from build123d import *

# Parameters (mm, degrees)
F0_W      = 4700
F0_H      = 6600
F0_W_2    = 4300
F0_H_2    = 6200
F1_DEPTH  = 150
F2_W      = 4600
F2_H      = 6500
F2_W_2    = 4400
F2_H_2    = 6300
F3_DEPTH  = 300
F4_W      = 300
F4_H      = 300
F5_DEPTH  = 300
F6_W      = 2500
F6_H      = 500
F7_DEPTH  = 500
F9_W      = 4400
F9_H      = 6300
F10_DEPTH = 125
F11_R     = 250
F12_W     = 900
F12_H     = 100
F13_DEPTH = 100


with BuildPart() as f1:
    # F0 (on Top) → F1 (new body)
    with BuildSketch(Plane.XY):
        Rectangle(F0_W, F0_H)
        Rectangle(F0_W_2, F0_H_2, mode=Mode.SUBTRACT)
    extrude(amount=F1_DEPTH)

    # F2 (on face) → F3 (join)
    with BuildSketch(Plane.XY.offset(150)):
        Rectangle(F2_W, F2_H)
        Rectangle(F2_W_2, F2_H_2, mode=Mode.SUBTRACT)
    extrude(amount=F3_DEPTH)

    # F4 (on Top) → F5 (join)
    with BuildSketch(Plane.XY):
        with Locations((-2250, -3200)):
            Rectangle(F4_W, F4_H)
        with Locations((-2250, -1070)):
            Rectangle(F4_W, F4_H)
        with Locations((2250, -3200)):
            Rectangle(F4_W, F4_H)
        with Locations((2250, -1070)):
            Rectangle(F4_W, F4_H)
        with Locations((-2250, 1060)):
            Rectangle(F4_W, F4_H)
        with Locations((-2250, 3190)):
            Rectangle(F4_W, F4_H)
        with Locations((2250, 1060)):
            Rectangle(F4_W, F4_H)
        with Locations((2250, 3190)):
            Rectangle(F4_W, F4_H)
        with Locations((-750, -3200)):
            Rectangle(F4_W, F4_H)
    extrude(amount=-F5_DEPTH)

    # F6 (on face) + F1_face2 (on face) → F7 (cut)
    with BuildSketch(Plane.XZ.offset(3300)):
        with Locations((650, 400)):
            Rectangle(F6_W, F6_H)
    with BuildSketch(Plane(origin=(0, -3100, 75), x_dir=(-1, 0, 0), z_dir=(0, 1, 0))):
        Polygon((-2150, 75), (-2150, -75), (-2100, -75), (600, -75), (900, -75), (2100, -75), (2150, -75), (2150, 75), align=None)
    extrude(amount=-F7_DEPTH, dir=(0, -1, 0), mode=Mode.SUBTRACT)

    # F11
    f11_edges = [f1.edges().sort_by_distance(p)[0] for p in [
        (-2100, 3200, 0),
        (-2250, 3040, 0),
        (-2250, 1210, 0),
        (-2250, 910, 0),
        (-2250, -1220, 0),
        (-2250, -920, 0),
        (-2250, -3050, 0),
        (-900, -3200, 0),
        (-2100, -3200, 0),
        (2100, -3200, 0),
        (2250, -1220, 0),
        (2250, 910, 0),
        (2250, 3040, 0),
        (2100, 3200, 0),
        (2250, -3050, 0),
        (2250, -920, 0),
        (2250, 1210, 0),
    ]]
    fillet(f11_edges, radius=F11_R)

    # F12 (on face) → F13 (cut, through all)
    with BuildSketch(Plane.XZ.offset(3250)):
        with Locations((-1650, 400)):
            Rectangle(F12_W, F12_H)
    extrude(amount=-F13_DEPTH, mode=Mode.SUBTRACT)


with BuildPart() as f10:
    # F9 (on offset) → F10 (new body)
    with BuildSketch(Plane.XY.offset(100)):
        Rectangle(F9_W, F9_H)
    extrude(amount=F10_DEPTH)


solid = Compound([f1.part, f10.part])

== The task ==
All of the material above needs to be transcribed verbatim.

== The completed task ==
from build123d import *

# Parameters (mm, degrees)
F0_W      = 4700
F0_H      = 6600
F0_W_2    = 4300
F0_H_2    = 6200
F1_DEPTH  = 150
F2_W      = 4600
F2_H      = 6500
F2_W_2    = 4400
F2_H_2    = 6300
F3_DEPTH  = 300
F4_W      = 300
F4_H      = 300
F5_DEPTH  = 300
F6_W      = 2500
F6_H      = 500
F7_DEPTH  = 500
F9_W      = 4400
F9_H      = 6300
F10_DEPTH = 125
F11_R     = 250
F12_W     = 900
F12_H     = 100
F13_DEPTH = 100


with BuildPart() as f1:
    # F0 (on Top) → F1 (new body)
    with BuildSketch(Plane.XY):
        Rectangle(F0_W, F0_H)
        Rectangle(F0_W_2, F0_H_2, mode=Mode.SUBTRACT)
    extrude(amount=F1_DEPTH)

    # F2 (on face) → F3 (join)
    with BuildSketch(Plane.XY.offset(150)):
        Rectangle(F2_W, F2_H)
        Rectangle(F2_W_2, F2_H_2, mode=Mode.SUBTRACT)
    extrude(amount=F3_DEPTH)

    # F4 (on Top) → F5 (join)
    with BuildSketch(Plane.XY):
        with Locations((-2250, -3200)):
            Rectangle(F4_W, F4_H)
        with Locations((-2250, -1070)):
            Rectangle(F4_W, F4_H)
        with Locations((2250, -3200)):
            Rectangle(F4_W, F4_H)
        with Locations((2250, -1070)):
            Rectangle(F4_W, F4_H)
        with Locations((-2250, 1060)):
            Rectangle(F4_W, F4_H)
        with Locations((-2250, 3190)):
            Rectangle(F4_W, F4_H)
        with Locations((2250, 1060)):
            Rectangle(F4_W, F4_H)
        with Locations((2250, 3190)):
            Rectangle(F4_W, F4_H)
        with Locations((-750, -3200)):
            Rectangle(F4_W, F4_H)
    extrude(amount=-F5_DEPTH)

    # F6 (on face) + F1_face2 (on face) → F7 (cut)
    with BuildSketch(Plane.XZ.offset(3300)):
        with Locations((650, 400)):
            Rectangle(F6_W, F6_H)
    with BuildSketch(Plane(origin=(0, -3100, 75), x_dir=(-1, 0, 0), z_dir=(0, 1, 0))):
        Polygon((-2150, 75), (-2150, -75), (-2100, -75), (600, -75), (900, -75), (2100, -75), (2150, -75), (2150, 75), align=None)
    extrude(amount=-F7_DEPTH, dir=(0, -1, 0), mode=Mode.SUBTRACT)

    # F11
    f11_edges = [f1.edges().sort_by_distance(p)[0] for p in [
        (-2100, 3200, 0),
        (-2250, 3040, 0),
        (-2250, 1210, 0),
        (-2250, 910, 0),
        (-2250, -1220, 0),
        (-2250, -920, 0),
        (-2250, -3050, 0),
        (-900, -3200, 0),
        (-2100, -3200, 0),
        (2100, -3200, 0),
        (2250, -1220, 0),
        (2250, 910, 0),
        (2250, 3040, 0),
        (2100, 3200, 0),
        (2250, -3050, 0),
        (2250, -920, 0),
        (2250, 1210, 0),
    ]]
    fillet(f11_edges, radius=F11_R)

    # F12 (on face) → F13 (cut, through all)
    with BuildSketch(Plane.XZ.offset(3250)):
        with Locations((-1650, 400)):
            Rectangle(F12_W, F12_H)
    extrude(amount=-F13_DEPTH, mode=Mode.SUBTRACT)


with BuildPart() as f10:
    # F9 (on offset) → F10 (new body)
    with BuildSketch(Plane.XY.offset(100)):
        Rectangle(F9_W, F9_H)
    extrude(amount=F10_DEPTH)


solid = Compound([f1.part, f10.part])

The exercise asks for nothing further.